## Aim of the task
Transcribe exactly everything in the data below from the line containing "#110=ADVANCED_FACE('F163',(#106,#109),#71,.F.);" down to the line containing "#123=EDGE_CURVE('E101',#122,#77,#120,.T.);", both lines included and nothing further.

## Records for the task

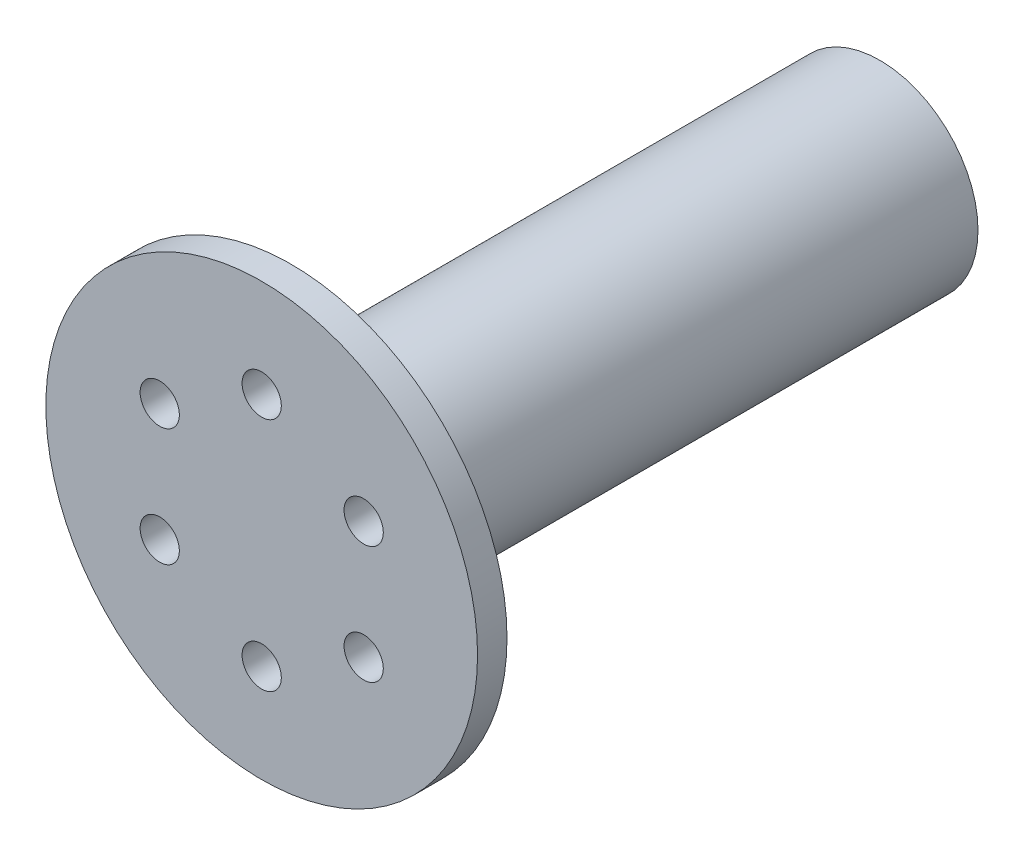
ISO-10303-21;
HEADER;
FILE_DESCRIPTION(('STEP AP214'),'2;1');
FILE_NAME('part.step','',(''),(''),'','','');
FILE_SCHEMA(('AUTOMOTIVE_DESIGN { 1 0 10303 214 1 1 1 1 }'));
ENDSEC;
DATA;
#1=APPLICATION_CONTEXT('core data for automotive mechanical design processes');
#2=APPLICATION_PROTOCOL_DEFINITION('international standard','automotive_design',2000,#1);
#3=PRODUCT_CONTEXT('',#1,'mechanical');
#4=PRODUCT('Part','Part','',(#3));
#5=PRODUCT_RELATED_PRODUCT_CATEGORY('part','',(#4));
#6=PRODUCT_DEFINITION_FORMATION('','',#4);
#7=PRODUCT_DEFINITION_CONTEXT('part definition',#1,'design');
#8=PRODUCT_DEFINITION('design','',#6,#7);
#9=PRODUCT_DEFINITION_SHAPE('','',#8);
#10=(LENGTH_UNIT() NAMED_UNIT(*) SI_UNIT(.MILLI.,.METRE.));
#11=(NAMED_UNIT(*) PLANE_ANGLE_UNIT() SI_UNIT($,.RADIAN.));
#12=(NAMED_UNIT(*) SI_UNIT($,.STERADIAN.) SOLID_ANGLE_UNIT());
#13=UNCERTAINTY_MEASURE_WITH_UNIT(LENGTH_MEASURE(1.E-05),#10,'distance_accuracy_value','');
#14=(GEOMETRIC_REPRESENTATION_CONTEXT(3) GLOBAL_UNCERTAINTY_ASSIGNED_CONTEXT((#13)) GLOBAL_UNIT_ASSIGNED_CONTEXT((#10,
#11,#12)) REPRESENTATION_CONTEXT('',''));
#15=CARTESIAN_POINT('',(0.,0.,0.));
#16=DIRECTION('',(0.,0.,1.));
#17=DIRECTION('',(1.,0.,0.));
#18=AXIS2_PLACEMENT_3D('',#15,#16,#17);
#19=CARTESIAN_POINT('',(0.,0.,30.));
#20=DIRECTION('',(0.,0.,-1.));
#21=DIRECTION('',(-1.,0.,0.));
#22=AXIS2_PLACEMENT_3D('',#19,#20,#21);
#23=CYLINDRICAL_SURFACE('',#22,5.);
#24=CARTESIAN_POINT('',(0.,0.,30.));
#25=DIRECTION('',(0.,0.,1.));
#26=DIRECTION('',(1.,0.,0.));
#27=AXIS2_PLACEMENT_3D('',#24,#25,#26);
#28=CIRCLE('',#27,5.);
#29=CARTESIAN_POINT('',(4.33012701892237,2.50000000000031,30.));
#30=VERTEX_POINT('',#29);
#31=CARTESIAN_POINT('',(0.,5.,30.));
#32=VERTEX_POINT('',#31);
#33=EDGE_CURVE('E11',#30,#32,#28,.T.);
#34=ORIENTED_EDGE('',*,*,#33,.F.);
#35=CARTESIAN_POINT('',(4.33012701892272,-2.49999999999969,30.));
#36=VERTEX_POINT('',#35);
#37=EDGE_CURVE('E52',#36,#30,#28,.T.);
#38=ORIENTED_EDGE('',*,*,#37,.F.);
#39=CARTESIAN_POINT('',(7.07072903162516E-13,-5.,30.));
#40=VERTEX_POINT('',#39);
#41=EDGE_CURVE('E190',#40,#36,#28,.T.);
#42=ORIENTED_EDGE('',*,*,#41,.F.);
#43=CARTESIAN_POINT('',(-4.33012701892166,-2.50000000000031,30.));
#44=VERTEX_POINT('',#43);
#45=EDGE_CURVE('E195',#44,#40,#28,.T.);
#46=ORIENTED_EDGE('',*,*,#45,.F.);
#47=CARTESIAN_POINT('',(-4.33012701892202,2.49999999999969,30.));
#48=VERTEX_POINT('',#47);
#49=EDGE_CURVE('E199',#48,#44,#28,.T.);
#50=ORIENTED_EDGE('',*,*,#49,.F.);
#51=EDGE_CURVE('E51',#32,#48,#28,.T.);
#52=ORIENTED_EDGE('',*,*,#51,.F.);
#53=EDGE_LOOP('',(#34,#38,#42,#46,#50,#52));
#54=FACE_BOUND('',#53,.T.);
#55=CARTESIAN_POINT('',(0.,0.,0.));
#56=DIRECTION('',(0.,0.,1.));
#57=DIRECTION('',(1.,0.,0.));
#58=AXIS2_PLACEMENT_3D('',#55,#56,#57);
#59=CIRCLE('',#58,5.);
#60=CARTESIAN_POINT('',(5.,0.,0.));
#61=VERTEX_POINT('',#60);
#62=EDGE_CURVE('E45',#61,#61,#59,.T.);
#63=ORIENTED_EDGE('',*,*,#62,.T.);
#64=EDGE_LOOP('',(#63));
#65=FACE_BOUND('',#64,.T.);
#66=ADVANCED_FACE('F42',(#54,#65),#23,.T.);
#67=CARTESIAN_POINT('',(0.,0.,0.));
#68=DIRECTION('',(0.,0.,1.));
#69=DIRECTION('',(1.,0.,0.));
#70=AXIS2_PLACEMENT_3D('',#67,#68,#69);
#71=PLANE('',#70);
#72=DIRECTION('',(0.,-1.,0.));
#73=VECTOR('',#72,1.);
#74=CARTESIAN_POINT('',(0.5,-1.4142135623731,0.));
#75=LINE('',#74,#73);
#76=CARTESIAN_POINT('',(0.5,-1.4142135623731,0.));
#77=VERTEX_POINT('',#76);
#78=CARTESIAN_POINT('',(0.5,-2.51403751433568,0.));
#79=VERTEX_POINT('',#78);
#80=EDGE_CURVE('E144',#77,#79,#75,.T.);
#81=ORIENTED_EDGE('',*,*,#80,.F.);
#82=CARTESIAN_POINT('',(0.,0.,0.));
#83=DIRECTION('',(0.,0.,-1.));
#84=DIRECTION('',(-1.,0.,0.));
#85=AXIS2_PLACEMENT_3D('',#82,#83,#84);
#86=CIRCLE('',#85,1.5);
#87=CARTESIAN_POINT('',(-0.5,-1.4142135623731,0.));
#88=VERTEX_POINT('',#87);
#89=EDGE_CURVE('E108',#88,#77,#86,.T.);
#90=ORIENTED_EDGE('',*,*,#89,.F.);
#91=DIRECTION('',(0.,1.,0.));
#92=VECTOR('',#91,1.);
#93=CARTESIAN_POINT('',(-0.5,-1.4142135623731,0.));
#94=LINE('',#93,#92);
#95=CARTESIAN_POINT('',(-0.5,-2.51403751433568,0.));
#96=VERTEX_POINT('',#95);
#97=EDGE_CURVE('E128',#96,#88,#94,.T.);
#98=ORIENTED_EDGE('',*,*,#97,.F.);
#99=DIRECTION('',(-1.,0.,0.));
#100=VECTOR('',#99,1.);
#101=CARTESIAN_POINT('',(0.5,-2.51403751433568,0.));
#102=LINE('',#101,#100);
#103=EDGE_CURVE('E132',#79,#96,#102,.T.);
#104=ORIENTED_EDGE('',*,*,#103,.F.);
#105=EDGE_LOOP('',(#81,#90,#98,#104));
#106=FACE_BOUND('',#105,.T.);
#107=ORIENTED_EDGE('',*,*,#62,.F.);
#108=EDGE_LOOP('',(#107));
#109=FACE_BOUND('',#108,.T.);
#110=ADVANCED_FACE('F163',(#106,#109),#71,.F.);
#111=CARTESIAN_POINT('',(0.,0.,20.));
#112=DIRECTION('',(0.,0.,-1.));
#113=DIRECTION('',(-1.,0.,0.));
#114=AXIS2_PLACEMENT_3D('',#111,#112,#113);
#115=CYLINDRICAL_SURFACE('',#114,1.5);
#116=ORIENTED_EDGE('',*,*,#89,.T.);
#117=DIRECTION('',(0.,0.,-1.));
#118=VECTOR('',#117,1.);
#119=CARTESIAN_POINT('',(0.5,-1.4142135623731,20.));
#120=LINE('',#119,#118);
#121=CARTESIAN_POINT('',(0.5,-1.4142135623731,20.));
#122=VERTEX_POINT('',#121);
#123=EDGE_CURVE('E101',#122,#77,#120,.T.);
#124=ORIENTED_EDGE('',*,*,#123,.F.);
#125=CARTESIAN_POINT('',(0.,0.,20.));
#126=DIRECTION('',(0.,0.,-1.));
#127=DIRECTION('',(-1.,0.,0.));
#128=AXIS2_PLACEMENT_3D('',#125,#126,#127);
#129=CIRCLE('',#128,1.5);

## Completed task
#110=ADVANCED_FACE('F163',(#106,#109),#71,.F.);
#111=CARTESIAN_POINT('',(0.,0.,20.));
#112=DIRECTION('',(0.,0.,-1.));
#113=DIRECTION('',(-1.,0.,0.));
#114=AXIS2_PLACEMENT_3D('',#111,#112,#113);
#115=CYLINDRICAL_SURFACE('',#114,1.5);
#116=ORIENTED_EDGE('',*,*,#89,.T.);
#117=DIRECTION('',(0.,0.,-1.));
#118=VECTOR('',#117,1.);
#119=CARTESIAN_POINT('',(0.5,-1.4142135623731,20.));
#120=LINE('',#119,#118);
#121=CARTESIAN_POINT('',(0.5,-1.4142135623731,20.));
#122=VERTEX_POINT('',#121);
#123=EDGE_CURVE('E101',#122,#77,#120,.T.);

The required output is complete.